Chang She [00:09:32]: Okay. In general, I think so this was a quick demo of how do you go through that hybrid search and re ranking process and different ways that you can re rank your results. What's missing here is that from the analogy, recommender systems always get better over time the more you use it, and that is because of the feedback mechanism. And actually, in rag, I see a lot of users that are starting to experiment with this as well. So you can see one of our users talk about how he was able to, with $10 of synthetic data, to be able to fine tune the embedding model to be a lot better than the best in class generic embedding models. So those will be something that we're going to be working on next, and I think you'll be able to see great results from that. Now, last thing I'll say is that analogies have limitations, right. So it's not a perfect one to one parallel between rag and our recommender systems.

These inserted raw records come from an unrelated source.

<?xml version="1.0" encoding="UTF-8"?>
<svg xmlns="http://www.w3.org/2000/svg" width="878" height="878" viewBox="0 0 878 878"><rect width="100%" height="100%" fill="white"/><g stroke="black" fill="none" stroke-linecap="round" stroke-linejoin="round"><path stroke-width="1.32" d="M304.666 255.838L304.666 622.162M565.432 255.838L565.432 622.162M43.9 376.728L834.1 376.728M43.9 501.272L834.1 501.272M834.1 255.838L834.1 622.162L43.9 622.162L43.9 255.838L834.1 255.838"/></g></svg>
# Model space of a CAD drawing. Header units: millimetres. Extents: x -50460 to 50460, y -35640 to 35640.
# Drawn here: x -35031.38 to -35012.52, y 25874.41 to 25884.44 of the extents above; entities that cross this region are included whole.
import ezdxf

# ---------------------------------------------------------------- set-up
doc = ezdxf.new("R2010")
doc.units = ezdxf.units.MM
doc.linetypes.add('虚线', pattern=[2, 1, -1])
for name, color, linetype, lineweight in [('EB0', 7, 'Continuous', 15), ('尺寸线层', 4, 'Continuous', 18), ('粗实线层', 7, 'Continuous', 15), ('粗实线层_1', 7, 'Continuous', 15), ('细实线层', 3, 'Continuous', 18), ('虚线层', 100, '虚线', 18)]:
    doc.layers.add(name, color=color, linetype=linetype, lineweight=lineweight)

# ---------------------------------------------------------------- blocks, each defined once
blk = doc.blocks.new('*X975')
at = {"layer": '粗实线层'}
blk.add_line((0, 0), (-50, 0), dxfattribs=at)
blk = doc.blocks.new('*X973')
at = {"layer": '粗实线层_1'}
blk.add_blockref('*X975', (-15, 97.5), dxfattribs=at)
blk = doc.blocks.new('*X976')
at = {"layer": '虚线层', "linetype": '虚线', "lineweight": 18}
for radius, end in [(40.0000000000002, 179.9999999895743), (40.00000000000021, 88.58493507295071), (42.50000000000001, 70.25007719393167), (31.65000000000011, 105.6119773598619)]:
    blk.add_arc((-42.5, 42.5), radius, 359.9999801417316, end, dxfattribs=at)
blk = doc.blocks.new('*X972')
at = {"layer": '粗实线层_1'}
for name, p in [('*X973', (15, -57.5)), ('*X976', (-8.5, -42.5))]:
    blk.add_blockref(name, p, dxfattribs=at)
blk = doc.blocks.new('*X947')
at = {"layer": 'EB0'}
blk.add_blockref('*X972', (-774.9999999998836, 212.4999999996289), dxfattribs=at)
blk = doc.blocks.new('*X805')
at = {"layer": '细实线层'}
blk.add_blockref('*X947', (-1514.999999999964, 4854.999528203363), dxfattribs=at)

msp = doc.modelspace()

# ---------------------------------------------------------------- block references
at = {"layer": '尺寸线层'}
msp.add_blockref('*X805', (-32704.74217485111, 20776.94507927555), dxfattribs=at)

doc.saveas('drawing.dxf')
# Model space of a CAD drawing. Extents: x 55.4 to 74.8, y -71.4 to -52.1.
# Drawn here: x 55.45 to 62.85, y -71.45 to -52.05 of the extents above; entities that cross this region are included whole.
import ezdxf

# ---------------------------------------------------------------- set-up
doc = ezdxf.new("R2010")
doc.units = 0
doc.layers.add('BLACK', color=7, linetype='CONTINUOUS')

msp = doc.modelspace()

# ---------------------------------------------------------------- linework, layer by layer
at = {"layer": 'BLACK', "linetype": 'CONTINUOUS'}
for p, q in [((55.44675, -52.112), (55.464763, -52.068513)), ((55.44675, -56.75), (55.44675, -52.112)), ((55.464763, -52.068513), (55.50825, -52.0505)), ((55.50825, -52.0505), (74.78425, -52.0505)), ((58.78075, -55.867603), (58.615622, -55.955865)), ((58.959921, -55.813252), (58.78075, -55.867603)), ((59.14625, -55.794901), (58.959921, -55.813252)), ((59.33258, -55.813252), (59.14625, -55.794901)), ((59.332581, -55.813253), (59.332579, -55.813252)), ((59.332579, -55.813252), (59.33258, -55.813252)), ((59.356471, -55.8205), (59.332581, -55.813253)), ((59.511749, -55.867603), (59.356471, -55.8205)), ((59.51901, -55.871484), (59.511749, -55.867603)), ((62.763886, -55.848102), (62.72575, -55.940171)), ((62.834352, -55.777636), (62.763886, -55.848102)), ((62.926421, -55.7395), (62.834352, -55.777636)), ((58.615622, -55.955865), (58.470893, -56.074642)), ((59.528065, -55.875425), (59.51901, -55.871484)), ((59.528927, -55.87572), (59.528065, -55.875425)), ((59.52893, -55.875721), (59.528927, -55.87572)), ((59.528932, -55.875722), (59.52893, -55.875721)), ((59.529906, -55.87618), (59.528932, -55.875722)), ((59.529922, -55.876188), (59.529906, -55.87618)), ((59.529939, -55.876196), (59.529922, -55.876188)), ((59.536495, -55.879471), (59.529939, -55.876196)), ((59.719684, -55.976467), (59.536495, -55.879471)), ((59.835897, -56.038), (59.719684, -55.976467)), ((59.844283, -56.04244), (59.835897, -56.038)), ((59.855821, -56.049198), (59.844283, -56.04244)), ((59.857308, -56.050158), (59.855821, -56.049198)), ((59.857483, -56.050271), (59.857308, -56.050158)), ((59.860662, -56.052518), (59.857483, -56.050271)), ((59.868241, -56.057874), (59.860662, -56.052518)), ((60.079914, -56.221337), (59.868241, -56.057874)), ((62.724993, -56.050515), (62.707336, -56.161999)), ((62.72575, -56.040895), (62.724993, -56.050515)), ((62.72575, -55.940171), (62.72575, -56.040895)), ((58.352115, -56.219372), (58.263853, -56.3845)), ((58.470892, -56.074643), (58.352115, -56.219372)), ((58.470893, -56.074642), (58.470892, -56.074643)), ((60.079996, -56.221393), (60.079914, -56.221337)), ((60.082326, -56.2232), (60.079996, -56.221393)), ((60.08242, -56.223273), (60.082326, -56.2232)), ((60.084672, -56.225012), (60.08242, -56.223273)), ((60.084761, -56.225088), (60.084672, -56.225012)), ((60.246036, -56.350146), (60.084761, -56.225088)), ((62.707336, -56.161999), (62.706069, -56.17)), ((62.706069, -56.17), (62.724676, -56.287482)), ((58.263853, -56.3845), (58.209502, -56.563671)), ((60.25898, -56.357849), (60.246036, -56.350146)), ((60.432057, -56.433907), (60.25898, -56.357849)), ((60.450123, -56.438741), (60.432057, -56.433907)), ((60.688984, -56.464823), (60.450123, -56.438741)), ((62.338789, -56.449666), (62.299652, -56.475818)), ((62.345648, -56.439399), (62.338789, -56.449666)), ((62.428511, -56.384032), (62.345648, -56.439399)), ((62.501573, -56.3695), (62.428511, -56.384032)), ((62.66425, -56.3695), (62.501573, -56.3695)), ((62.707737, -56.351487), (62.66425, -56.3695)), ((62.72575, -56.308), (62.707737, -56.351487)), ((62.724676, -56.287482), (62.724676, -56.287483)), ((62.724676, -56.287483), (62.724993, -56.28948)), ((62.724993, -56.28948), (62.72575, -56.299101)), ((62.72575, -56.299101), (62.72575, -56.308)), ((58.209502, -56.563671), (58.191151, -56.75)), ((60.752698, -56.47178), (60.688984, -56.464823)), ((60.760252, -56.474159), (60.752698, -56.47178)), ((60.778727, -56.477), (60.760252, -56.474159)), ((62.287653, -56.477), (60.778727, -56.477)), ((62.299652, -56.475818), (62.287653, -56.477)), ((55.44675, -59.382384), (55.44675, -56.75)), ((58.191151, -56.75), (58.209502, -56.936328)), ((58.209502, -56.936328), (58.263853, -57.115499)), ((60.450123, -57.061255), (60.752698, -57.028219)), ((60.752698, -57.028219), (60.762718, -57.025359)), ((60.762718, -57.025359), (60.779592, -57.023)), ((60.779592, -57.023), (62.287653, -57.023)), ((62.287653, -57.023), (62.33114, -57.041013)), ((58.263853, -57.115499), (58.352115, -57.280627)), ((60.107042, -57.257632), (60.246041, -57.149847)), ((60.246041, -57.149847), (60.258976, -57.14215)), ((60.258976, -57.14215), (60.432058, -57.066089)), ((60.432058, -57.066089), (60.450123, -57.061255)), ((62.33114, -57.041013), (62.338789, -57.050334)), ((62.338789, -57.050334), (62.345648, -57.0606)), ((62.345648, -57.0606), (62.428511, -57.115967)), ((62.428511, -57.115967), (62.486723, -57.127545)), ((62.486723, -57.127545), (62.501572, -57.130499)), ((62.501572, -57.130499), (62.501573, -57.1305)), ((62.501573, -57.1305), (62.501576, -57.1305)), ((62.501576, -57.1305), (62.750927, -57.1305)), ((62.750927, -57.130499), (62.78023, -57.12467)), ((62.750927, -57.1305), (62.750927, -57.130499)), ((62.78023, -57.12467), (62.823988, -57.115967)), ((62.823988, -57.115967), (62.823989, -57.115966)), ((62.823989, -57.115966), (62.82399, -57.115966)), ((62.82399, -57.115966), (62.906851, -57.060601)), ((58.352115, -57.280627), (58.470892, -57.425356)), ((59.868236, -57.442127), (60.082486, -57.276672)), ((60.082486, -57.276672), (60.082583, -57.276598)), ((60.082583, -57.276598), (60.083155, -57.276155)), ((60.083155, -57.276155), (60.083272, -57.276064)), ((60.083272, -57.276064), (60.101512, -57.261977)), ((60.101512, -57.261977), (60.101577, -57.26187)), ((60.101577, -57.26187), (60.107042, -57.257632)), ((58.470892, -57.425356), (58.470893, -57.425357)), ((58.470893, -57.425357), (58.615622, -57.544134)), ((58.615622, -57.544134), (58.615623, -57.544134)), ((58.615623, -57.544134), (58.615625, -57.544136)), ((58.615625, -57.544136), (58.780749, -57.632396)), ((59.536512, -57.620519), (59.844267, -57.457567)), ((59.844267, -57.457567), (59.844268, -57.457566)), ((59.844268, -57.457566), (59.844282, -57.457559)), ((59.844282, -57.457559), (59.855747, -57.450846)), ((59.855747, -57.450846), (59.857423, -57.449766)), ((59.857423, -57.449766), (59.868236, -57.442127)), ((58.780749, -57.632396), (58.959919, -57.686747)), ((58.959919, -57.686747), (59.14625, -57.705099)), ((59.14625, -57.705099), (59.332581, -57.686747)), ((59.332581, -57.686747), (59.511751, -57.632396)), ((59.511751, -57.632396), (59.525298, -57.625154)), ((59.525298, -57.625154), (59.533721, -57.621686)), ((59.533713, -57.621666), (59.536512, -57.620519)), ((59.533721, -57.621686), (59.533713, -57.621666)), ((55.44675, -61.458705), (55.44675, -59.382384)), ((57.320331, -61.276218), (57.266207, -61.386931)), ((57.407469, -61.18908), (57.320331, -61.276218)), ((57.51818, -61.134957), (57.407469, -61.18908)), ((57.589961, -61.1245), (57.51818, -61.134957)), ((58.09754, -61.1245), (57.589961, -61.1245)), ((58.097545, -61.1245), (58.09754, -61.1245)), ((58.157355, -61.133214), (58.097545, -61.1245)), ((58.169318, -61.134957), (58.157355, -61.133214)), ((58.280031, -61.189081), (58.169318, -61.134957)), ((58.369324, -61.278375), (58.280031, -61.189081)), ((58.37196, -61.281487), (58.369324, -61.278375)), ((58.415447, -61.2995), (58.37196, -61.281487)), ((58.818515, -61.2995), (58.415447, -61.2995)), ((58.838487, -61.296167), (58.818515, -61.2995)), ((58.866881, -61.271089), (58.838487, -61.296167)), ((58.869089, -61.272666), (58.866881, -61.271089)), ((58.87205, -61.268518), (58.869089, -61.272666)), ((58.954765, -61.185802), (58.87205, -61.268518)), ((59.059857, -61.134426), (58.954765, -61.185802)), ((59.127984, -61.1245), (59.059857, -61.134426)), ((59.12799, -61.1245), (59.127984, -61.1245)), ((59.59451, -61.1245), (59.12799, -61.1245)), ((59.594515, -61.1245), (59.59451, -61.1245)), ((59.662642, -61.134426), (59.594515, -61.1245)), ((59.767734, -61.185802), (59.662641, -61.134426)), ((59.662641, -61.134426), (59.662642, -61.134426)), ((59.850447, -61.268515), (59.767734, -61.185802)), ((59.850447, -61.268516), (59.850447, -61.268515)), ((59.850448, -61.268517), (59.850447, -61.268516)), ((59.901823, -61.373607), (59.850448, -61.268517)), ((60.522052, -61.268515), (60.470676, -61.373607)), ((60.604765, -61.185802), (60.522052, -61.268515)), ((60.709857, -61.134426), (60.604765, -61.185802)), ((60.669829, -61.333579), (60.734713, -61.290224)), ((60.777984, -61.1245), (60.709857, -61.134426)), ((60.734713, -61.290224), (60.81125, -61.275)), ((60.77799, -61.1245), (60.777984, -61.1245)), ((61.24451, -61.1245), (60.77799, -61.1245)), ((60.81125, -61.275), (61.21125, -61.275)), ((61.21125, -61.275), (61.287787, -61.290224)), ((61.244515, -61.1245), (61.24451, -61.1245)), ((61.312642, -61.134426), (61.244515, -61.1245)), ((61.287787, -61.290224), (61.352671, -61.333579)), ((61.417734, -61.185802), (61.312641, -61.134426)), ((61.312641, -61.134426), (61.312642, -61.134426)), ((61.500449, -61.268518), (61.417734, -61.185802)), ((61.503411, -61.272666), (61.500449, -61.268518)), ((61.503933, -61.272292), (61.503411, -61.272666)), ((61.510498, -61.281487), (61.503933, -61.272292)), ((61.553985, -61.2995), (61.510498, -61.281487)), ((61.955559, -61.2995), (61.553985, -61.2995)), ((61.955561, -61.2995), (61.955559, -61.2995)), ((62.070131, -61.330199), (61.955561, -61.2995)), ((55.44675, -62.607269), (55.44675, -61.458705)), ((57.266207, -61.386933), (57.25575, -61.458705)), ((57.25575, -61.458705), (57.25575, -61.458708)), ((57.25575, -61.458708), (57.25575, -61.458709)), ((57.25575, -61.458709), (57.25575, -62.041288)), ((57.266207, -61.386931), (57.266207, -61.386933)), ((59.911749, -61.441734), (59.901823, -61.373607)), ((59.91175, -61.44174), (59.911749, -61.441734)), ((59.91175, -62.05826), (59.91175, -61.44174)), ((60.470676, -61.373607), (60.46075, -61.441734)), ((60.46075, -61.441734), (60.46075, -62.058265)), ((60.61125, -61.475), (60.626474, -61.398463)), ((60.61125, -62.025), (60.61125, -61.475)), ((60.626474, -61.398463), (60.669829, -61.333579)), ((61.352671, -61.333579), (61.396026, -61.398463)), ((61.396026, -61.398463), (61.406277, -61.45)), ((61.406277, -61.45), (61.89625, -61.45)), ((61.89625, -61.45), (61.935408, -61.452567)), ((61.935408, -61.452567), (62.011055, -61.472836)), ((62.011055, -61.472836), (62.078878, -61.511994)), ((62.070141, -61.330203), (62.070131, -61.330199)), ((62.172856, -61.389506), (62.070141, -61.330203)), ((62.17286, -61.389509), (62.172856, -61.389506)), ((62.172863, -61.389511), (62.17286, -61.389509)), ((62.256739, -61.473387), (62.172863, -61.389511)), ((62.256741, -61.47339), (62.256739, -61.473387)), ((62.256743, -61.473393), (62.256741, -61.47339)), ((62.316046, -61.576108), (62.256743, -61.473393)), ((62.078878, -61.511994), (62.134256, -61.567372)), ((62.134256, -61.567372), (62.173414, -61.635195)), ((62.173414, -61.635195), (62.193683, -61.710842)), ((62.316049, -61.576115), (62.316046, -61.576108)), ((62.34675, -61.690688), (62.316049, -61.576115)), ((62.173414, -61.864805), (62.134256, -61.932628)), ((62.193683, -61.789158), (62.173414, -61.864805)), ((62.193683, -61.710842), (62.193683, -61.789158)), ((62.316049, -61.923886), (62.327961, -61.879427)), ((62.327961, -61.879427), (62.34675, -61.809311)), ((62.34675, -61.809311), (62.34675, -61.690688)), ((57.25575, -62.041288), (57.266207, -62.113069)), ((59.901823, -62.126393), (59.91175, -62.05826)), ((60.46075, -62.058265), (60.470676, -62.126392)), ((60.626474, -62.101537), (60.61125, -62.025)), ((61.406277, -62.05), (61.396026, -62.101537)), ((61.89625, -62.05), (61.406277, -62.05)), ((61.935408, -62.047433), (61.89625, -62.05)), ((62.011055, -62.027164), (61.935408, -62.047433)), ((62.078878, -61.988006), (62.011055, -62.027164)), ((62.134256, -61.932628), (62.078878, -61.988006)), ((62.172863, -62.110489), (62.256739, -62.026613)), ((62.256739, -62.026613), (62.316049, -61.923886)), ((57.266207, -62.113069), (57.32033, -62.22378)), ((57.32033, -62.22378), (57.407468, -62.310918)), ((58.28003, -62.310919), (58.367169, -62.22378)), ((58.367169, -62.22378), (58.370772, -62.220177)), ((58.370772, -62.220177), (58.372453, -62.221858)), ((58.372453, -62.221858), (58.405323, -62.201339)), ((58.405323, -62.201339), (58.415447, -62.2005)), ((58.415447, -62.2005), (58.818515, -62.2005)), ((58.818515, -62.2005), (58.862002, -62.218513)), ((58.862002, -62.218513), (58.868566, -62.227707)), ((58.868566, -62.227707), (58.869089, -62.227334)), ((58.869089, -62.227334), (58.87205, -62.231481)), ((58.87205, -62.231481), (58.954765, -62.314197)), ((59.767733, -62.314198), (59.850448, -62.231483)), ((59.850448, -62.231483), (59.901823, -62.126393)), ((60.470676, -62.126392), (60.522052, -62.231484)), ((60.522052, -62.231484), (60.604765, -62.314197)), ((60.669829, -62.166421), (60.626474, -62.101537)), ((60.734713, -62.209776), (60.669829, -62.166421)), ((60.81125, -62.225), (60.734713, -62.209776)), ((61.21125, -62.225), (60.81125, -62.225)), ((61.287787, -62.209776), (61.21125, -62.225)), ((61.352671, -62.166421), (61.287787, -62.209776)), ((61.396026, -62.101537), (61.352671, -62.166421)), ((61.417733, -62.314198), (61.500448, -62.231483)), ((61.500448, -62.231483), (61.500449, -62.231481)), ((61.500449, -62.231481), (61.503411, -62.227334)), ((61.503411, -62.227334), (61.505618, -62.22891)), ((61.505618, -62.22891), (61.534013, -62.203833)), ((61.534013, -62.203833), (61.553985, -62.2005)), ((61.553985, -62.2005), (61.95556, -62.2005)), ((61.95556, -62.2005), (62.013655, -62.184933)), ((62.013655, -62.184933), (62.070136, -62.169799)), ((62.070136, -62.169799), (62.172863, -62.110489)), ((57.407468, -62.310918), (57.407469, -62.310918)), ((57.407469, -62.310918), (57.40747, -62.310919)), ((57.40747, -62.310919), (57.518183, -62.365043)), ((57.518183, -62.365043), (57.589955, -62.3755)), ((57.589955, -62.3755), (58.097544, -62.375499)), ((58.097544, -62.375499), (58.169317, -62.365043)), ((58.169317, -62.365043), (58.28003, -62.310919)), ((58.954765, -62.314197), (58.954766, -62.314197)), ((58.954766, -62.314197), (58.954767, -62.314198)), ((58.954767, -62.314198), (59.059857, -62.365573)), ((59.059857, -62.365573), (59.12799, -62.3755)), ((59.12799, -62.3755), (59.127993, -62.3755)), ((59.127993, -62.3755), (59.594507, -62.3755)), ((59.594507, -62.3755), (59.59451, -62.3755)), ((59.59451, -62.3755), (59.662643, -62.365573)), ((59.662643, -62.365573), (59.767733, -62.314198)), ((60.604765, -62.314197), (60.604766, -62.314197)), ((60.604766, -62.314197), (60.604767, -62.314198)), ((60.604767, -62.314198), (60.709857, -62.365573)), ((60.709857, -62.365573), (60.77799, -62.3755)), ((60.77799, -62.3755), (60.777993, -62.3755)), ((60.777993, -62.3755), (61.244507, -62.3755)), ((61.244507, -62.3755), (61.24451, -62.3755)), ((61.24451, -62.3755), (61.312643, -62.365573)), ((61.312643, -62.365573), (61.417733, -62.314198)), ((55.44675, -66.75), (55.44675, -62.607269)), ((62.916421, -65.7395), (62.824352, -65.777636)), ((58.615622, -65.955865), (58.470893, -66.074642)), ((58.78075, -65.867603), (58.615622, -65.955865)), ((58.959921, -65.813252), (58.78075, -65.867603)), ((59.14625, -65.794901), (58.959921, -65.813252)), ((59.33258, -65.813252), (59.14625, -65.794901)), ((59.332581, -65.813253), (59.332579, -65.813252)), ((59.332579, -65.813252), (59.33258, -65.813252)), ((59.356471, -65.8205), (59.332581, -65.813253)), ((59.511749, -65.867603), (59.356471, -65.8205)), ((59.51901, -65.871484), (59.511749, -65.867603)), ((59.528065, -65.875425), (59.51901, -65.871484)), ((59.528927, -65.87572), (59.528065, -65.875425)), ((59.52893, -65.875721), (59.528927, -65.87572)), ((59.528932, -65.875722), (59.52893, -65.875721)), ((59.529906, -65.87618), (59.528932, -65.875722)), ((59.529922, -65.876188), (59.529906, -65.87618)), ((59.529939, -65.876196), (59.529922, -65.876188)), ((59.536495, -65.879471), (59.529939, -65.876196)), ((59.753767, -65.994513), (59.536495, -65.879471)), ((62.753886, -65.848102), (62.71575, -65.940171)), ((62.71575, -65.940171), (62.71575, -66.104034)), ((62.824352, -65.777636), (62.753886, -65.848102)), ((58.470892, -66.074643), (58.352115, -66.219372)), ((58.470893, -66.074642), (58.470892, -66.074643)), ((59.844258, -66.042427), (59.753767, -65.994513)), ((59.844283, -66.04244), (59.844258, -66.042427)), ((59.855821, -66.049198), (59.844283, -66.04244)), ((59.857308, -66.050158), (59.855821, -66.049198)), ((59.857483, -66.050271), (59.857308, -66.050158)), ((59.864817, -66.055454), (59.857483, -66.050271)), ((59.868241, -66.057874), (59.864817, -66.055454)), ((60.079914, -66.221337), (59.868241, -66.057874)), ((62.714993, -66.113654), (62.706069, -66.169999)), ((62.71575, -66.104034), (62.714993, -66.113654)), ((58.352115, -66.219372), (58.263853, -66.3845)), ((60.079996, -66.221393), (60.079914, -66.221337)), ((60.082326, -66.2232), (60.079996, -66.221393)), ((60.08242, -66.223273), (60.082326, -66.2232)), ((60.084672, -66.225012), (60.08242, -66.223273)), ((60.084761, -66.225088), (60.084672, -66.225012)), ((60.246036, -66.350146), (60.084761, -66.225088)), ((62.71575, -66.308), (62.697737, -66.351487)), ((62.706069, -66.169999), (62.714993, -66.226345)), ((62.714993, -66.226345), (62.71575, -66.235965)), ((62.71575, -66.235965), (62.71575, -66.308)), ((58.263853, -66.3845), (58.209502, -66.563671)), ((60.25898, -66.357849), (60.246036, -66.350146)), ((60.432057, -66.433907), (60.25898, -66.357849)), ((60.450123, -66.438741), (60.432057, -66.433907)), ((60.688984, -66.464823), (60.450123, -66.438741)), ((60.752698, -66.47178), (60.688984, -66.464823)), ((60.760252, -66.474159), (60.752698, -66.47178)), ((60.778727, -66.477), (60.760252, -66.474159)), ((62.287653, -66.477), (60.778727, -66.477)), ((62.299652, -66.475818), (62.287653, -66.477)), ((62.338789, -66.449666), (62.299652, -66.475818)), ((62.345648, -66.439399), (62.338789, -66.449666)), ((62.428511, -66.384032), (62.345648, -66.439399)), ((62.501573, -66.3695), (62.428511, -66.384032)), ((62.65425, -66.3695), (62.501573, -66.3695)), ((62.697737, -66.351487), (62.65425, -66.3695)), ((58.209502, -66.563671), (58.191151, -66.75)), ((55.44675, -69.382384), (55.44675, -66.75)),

Chang She [00:10:42]: The end result is different. And in rag, there's an extra step of generation. What is relevant to whether the results in recommender systems are relevant to a particular user. Here in rag, the relevance is defined for a given question. And then for recommender systems ranking, that first spot in the home page is super valuable. So fine grained differences in ranking also matters for rag. If your top context answers fit within the context, the token limit, then that one, two, three position may not matter as much. So I think a lot of that means that how you measure the quality is going to be different.
Chang She [00:11:26]: And so it's not exactly a one to one match, but it's certainly worth thinking about and drawing parallels to get insights from traditional recommender systems. All right, so that's it for my talk. I think it's roughly ten minutes. And thank you for listening to me, ramble, and we'd love to have you join our discord channel and talk more about Rag and AI and whatnot.
Demetrios [00:11:57]: I think I just have to say one thing, which is you take the cake for best Twitter handle.
Chang She [00:12:06]: Thank you. It is actually my rename, so it is Changis Khan. C-H-A-N-G-H-I-S-K-H-A-N. I'm dating myself, but it's my aim screen name.
Demetrios [00:12:22]: Oh, it's so good, man. It is so good. Is there a link that you can drop in here or in the chat for that collab notebook that you were just playing with?
Chang She [00:12:30]: Absolutely. I'll drop it in the chat.
Demetrios [00:12:33]: Perfect. All right, man. Thank you for doing this. And we're going to keep on moving with these models. These models.